Trump’s Justice Department Says CFPB Should Not Be Independent

A federal court is preparing to take up the constitutionality of the consumer bureau, an agency that Republicans and financial companies have long criticized

Consumer Financial Protection Bureau building in Washington. (Photo: Diego M. Radzinschi/NLJ) Consumer Financial Protection Bureau building in Washington. (Photo: Diego M. Radzinschi/NLJ)

The U.S. Justice Department argued Friday that the Consumer Financial Protection Bureau should be stripped of its independence, a reversal of an earlier stance that the president only had the power to remove the Obama-era agency’s director for cause, not at will.

Justice Department lawyers told a Washington federal appeals court that the CFPB’s single-director design “lacks those critical structural attributes that have been thought to justify ‘independent’ status for multi-member regulatory commissions.”

“Moreover, because a single agency head is unchecked by the constraints of group decision-making among members appointed by different presidents, there is a greater risk that an ‘independent’ agency headed by a single person will engage in extreme departures from the president’s executive policy,” the Justice Department said in a friend of the court brief.

The full U.S. Court of Appeals for the D.C. Circuit is preparing to take up the constitutionality of the consumer bureau, an agency that Republicans and financial companies have long criticized as a rogue regulator that too often stretches outside its jurisdiction.

A divided three-judge panel in October, led by Brett Kavanaugh, found the “massive, unchecked” power of the director unlawful in October. The full appeals court later wiped out the panel decision in PHH Corp. v. CFPB, setting the stage for new argument on May 24. The case has attracted significant attention from pro-business groups, consumer advocates and state attorneys general.

Before Friday, the Justice Department had urged the full D.C. Circuit to review the panel’s decision but had not taken a position in the case on whether the president should be able to fire the CFPB director at will.

In an unrelated CFPB case in the Washington trial court, the Justice Department, under the leadership of then-Attorney General Eric Holder Jr., had defended the CFPB. The department said in that case that restrictions on the president’s authority to remove the agency director were lawful.

Citing the panel ruling in the PHH Corp. case, DOJ on Friday switched its position.

“After reviewing the panel’s opinion here and further considering the issue, the department has concluded that the better view is that the provision is unconstitutional,” DOJ lawyers wrote in their amicus brief.

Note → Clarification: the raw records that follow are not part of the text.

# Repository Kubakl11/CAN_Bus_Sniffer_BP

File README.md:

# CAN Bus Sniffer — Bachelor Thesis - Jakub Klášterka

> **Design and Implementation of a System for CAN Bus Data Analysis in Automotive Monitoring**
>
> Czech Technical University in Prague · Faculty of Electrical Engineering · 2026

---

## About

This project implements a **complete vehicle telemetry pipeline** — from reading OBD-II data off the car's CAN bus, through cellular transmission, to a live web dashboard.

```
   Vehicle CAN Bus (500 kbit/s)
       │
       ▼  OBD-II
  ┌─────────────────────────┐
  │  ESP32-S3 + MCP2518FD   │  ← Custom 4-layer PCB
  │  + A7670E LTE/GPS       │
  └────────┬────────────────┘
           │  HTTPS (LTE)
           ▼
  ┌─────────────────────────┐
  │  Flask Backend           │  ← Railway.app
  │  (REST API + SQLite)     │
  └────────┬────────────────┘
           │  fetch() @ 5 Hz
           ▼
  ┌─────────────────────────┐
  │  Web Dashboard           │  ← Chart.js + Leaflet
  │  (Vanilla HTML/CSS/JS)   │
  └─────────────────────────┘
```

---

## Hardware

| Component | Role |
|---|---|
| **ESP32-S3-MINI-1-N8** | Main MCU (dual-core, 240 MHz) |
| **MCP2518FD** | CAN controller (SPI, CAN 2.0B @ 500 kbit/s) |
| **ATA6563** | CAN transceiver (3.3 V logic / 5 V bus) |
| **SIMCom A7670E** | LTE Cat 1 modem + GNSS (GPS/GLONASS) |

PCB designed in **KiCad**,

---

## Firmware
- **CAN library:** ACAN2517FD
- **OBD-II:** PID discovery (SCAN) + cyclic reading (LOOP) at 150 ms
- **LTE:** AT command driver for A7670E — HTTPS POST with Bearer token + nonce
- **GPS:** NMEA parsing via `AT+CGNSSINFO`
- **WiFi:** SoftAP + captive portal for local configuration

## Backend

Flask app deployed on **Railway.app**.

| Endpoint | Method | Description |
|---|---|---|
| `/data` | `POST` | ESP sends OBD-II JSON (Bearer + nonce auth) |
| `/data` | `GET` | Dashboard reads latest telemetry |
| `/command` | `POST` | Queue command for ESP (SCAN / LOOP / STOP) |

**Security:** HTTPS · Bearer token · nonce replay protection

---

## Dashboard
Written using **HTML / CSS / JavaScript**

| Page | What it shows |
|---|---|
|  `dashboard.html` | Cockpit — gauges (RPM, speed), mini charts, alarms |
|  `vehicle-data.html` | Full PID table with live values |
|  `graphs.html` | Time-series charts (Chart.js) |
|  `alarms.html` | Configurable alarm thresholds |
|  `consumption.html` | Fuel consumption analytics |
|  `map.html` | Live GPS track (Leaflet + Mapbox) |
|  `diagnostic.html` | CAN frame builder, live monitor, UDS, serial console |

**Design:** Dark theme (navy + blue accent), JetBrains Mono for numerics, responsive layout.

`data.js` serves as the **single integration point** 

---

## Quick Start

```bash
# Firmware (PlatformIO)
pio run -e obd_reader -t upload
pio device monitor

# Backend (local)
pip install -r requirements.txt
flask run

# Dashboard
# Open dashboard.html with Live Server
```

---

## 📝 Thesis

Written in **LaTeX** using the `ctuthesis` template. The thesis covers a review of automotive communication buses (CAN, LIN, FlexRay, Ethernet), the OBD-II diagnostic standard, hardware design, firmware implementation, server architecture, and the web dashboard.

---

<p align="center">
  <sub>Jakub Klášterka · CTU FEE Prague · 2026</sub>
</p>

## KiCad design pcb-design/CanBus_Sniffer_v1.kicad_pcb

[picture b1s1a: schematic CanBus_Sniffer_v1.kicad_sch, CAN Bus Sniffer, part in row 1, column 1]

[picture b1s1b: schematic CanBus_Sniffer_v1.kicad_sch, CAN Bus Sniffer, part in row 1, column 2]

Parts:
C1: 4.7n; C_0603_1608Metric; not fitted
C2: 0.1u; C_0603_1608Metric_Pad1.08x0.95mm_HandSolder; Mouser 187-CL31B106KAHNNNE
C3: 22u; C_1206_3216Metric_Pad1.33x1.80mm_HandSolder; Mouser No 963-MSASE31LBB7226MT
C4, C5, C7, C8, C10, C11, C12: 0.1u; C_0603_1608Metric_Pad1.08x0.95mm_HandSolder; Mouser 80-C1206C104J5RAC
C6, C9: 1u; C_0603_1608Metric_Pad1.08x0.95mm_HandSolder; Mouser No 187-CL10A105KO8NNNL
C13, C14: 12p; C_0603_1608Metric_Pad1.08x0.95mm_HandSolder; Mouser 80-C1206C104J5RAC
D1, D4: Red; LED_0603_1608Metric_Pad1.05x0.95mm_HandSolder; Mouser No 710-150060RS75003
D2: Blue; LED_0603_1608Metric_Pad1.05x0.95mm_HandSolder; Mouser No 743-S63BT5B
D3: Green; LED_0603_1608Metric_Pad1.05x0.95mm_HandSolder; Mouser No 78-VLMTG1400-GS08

The brief was submitted under the name of Chad Readler, the acting assistant attorney general in charge of DOJ’s Civil Division. Readler was among the Jones Day lawyers who joined the Trump administration.

The DOJ’s position was not a surprise. Earlier this month, DOJ lawyers said in a court filing that “the views of the United States on matters involving the president’s removal power are not always entirely congruent with the views of independent agencies.”

The consumer agency, created in the aftermath of the financial crisis, has defended itself in the appeals court. The D.C. Circuit earlier sought the views of the Justice Department. Those views are critical—they might come into play if the case, as expected, reaches the U.S. Supreme Court later this year.

Under the law that created the CFPB, Attorney General Jeff Sessions could prevent the agency from defending itself at the high court. That statute allows CFPB lawyers to appear before the Supreme Court  only after receiving written permission from the attorney general or receiving no response within 60 days of their request.

PHH Corp., a mortgage lender, is represented by Gibson, Dunn & Crutcher partner Theodore Olson, who is set to argue in front of the en banc D.C. Circuit. The company is challenging a $109 million penalty for allegedly referring consumers to mortgage insurers in exchange for kickbacks.